■ **Exercise aim**: From the data that follows, copy every line holding the string "SteerCmd".

[[ Records provided open ]]

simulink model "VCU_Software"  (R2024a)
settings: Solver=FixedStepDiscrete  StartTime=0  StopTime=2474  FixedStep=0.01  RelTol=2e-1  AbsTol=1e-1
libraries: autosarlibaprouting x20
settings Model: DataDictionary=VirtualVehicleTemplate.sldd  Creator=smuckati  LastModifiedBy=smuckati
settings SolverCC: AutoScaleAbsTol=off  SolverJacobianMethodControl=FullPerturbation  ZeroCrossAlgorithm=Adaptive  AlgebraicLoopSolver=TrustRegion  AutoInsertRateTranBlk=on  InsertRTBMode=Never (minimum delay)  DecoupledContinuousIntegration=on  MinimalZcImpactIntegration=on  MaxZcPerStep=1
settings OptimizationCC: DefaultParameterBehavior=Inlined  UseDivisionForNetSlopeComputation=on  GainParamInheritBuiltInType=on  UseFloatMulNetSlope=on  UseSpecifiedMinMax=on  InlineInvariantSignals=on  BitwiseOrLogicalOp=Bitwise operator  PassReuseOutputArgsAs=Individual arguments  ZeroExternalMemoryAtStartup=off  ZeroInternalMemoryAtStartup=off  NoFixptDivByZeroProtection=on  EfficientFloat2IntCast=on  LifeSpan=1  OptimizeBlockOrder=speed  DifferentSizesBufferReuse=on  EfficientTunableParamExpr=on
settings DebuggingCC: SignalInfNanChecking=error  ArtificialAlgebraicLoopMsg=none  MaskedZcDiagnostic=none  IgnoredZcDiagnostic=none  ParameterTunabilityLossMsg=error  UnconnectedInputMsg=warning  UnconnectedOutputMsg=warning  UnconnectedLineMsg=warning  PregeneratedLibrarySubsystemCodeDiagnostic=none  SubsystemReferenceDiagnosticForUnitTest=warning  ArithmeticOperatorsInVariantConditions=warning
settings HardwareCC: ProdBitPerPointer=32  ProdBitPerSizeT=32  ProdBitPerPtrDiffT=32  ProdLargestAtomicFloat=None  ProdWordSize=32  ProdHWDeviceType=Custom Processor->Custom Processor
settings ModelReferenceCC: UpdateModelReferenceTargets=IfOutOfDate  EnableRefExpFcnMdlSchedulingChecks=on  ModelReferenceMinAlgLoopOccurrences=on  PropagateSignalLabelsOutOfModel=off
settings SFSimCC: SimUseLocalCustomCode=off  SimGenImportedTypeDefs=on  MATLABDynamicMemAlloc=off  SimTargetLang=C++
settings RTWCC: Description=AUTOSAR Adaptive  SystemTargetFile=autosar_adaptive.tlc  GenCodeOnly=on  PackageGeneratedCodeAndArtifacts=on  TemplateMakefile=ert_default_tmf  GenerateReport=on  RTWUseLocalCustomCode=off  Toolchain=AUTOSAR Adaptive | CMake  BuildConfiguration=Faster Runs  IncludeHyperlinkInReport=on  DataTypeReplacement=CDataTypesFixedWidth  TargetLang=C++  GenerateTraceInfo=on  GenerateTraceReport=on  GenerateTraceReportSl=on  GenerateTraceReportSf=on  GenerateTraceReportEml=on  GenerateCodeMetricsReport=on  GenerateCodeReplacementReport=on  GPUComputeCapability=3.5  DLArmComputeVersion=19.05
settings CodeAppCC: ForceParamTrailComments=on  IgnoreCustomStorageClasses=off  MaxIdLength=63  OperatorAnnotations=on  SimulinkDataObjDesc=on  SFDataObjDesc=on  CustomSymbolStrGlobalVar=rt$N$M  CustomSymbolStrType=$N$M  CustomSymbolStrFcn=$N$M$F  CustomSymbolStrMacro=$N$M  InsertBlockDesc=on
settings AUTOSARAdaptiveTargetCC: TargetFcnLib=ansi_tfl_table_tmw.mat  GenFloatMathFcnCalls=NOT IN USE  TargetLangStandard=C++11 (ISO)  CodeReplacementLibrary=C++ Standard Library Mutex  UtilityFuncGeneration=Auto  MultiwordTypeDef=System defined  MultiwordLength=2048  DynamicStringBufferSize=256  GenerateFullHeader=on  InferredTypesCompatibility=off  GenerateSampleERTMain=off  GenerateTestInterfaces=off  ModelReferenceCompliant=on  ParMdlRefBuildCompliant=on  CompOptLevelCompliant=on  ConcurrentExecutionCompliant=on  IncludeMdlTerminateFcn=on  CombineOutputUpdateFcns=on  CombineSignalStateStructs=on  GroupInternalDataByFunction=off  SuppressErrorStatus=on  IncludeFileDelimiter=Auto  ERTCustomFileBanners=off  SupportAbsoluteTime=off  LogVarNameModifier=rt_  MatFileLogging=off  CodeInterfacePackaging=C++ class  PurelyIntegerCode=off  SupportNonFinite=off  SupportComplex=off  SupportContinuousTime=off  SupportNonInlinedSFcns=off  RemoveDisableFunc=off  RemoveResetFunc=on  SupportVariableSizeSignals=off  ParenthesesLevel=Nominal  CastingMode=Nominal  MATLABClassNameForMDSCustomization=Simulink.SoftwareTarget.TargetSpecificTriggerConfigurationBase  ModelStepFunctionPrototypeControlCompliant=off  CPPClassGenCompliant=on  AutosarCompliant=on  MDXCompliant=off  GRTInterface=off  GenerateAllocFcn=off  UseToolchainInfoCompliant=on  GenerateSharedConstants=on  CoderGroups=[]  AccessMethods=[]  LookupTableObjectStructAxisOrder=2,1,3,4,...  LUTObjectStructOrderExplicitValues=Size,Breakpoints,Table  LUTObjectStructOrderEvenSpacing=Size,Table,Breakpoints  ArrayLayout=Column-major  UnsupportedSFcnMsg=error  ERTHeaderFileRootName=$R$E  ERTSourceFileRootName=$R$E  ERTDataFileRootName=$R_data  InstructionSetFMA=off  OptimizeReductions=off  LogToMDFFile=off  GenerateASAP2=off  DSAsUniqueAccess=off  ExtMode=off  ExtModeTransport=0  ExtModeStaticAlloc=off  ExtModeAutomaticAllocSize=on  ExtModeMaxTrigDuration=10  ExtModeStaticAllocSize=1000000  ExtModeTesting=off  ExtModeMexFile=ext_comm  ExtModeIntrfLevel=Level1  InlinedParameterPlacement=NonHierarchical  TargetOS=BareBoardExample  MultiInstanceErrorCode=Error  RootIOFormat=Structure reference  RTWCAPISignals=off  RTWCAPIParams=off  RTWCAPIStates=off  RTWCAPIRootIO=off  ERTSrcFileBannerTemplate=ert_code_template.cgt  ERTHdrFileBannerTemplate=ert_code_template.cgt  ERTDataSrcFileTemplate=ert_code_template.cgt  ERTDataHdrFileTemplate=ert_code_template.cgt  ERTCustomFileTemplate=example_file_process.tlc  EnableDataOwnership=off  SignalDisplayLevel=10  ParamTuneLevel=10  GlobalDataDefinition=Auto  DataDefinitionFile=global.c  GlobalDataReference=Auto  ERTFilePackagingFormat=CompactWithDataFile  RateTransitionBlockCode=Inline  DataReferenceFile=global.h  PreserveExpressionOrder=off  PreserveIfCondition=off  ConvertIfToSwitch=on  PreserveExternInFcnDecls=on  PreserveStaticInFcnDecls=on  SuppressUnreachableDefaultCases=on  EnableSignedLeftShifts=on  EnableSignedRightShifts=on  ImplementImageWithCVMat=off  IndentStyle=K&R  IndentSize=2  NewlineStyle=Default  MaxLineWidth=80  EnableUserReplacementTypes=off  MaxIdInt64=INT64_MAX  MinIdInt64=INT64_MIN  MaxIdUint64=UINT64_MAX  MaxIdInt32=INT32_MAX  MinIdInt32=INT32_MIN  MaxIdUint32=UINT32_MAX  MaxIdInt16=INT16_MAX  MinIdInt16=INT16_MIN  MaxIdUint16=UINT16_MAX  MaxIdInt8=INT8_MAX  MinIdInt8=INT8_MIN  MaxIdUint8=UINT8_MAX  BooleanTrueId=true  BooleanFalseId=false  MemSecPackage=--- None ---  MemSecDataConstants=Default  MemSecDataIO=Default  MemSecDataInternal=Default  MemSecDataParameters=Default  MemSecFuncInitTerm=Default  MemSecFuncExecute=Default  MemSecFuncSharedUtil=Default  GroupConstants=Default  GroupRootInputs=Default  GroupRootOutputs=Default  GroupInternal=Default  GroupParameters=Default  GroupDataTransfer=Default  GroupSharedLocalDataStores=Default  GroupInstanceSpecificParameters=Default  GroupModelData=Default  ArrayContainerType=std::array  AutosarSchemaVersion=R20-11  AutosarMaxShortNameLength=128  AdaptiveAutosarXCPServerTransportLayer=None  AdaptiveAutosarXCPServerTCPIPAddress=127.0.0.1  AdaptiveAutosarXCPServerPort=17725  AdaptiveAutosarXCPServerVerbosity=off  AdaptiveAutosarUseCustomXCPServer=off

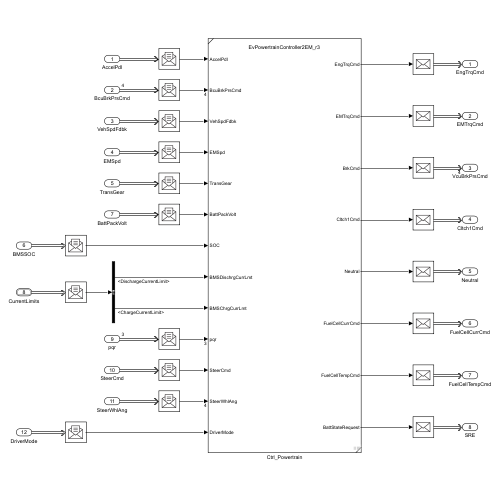
[thumbnail: Simulink's stored preview of the top-level diagram]
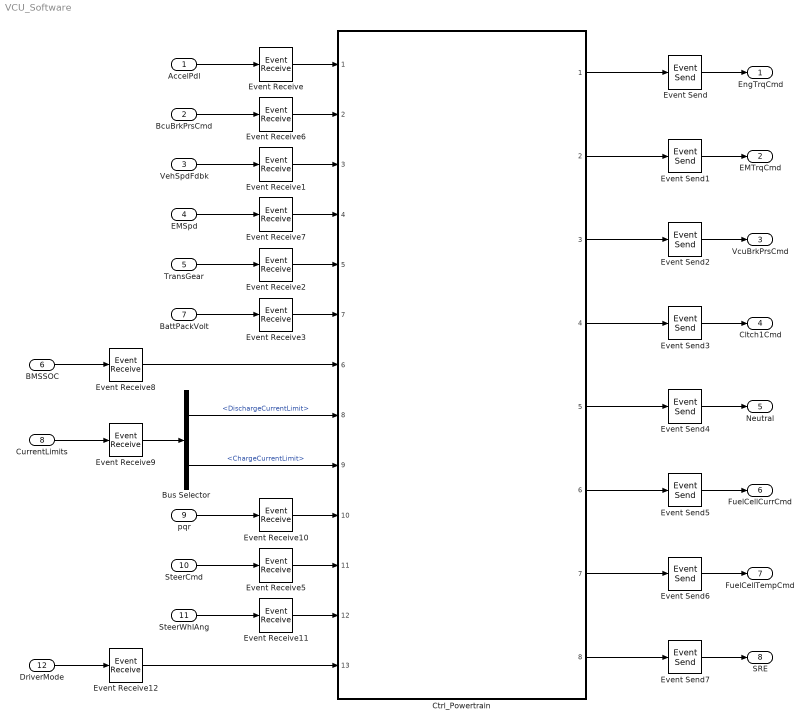
== system VCU_Software ==
  AccelPdl : Inport  OutputPortMessageModes=m  OutDataTypeStr=double  PortDimensions=1
  BcuBrkPrsCmd : Inport  OutputPortMessageModes=m  Port=2  OutDataTypeStr=double  PortDimensions=4
  VehSpdFdbk : Inport  OutputPortMessageModes=m  Port=3  OutDataTypeStr=double  PortDimensions=1
  EMSpd : Inport  OutputPortMessageModes=m  Port=4  OutDataTypeStr=double
  TransGear : Inport  OutputPortMessageModes=m  Port=5  OutDataTypeStr=double  PortDimensions=1
  BMSSOC : Inport  OutputPortMessageModes=m  Port=6
  BattPackVolt : Inport  OutputPortMessageModes=m  Port=7
  CurrentLimits : Inport  OutputPortMessageModes=m  Port=8  OutDataTypeStr=Bus: BattCurLims  BusOutputAsStruct=on
  pqr : Inport  OutputPortMessageModes=m  Port=9  PortDimensions=3
  SteerCmd : Inport  OutputPortMessageModes=m  Port=10
  SteerWhlAng : Inport  OutputPortMessageModes=m  Port=11
  DriverMode : Inport  OutputPortMessageModes=m  Port=12  OutDataTypeStr=Enum: DriverMode
  Bus Selector : BusSelector  OutputSignals=DischargeCurrentLimit,ChargeCurrentLimit
  Ctrl_Powertrain : Subsystem  ReferencedSubsystem=EvPowertrainController2EM_r3
      settings: PortSchema="{\"entries\":[{\"content\":{\"sides\":[{\"content\":{\"connectorIds\":[\"In1\",\"In2\",\"In3\",\"In4\",\"In5\",\"In7\",\"In6\",\"In8\",\"In9\",\"In10\",\"In11\",\"In12\",\"In13\"]},\"type\":\"ConnectorPlacement.EquallySpacedRectSide\",\"uuid\":\"d88b7e8a-a6be-4aa9-9ace-8036a966e6f2\"},{\"content\":{\"connectorIds\":[\"Out1\",\"Out2\",\"Out3\",\"Out4\",\"Out5\",\"Out6\",\"Out7\",\"Out8\"],\"side\":\"RIGHT\"},\"type\":\"ConnectorPlacement.EquallySpacedRectSide\",\"uuid\":\"7a9afc9b-f53d-4f8b-a416-aba0864c8b66\"},{\"content\":{\"side\":\"TOP\"},\"type\":\"ConnectorPlacement.EquallySpacedRectSide\",\"uuid\":\"8ca5d5ff-bf9d-4962-9c01-4f7cca42c215\"}]},\"type\":\"ConnectorPlacement.EquallySpacedConnector\",\"uuid\":\"3368383a-4578-43b5-996f-32614659e186\"}],\"packageUris\":[\"http://schema.mathworks.com/mf0/Connector/R2020b\"],\"version\":\"1.0\"}"
  Event Receive{,1..3,5..12} (12 alike) : autosarlibaprouting/Event Receive
  Event Send{,1..7} (8 alike) : autosarlibaprouting/Event Send
  EngTrqCmd : Outport  InputPortMessageModes=m  OutDataTypeStr=double  PortDimensions=1  VectorParamsAs1DForOutWhenUnconnected=off
  EMTrqCmd : Outport  InputPortMessageModes=m  Port=2  OutDataTypeStr=double  VectorParamsAs1DForOutWhenUnconnected=off
  VcuBrkPrsCmd : Outport  InputPortMessageModes=m  Port=3  OutDataTypeStr=double  PortDimensions=4  VectorParamsAs1DForOutWhenUnconnected=off
  Cltch1Cmd : Outport  InputPortMessageModes=m  Port=4  OutDataTypeStr=double  PortDimensions=1  VectorParamsAs1DForOutWhenUnconnected=off
  Neutral : Outport  InputPortMessageModes=m  Port=5  OutDataTypeStr=double  PortDimensions=1  VectorParamsAs1DForOutWhenUnconnected=off
  FuelCellCurrCmd : Outport  InputPortMessageModes=m  Port=6  OutDataTypeStr=double  PortDimensions=1
  FuelCellTempCmd : Outport  InputPortMessageModes=m  Port=7  OutDataTypeStr=double  PortDimensions=1
  SRE : Outport  InputPortMessageModes=m  Port=8  OutDataTypeStr=Enum: SRE  PortDimensions=1
  wires:
  AccelPdl/1 -> Event Receive/1
  BMSSOC/1 -> Event Receive8/1
  Event Send2/1 -> VcuBrkPrsCmd/1
  pqr/1 -> Event Receive10/1
  VehSpdFdbk/1 -> Event Receive1/1
  BcuBrkPrsCmd/1 -> Event Receive6/1
  SteerCmd/1 -> Event Receive5/1
  EMSpd/1 -> Event Receive7/1
  Event Receive5/1 -> Ctrl_Powertrain/11
  Event Receive6/1 -> Ctrl_Powertrain/2
  TransGear/1 -> Event Receive2/1
  BattPackVolt/1 -> Event Receive3/1
  SteerWhlAng/1 -> Event Receive11/1
  DriverMode/1 -> Event Receive12/1
  Event Send/1 -> EngTrqCmd/1
  Event Receive9/1 -> Bus Selector/1
  Event Receive/1 -> Ctrl_Powertrain/1
  Event Send1/1 -> EMTrqCmd/1
  Event Receive1/1 -> Ctrl_Powertrain/3
  Event Receive7/1 -> Ctrl_Powertrain/4
  Event Receive12/1 -> Ctrl_Powertrain/13
  Event Receive2/1 -> Ctrl_Powertrain/5
  Event Receive3/1 -> Ctrl_Powertrain/7
  Bus Selector/2 -> Ctrl_Powertrain/9  "<ChargeCurrentLimit>"
  Event Receive10/1 -> Ctrl_Powertrain/10
  Event Receive11/1 -> Ctrl_Powertrain/12
  Ctrl_Powertrain/3 -> Event Send2/1
  Ctrl_Powertrain/4 -> Event Send3/1
  Ctrl_Powertrain/5 -> Event Send4/1
  Ctrl_Powertrain/6 -> Event Send5/1
  Ctrl_Powertrain/7 -> Event Send6/1
  Ctrl_Powertrain/8 -> Event Send7/1
  Event Send4/1 -> Neutral/1
  Event Send3/1 -> Cltch1Cmd/1
  Event Send5/1 -> FuelCellCurrCmd/1
  Event Send6/1 -> FuelCellTempCmd/1
  Event Send7/1 -> SRE/1
  CurrentLimits/1 -> Event Receive9/1
  Bus Selector/1 -> Ctrl_Powertrain/8  "<DischargeCurrentLimit>"
  Ctrl_Powertrain/1 -> Event Send/1
  Ctrl_Powertrain/2 -> Event Send1/1
  Event Receive8/1 -> Ctrl_Powertrain/6

[[ Records provided closed ]]

■ **Answer to the exercise**:
  SteerCmd : Inport  OutputPortMessageModes=m  Port=10
  SteerCmd/1 -> Event Receive5/1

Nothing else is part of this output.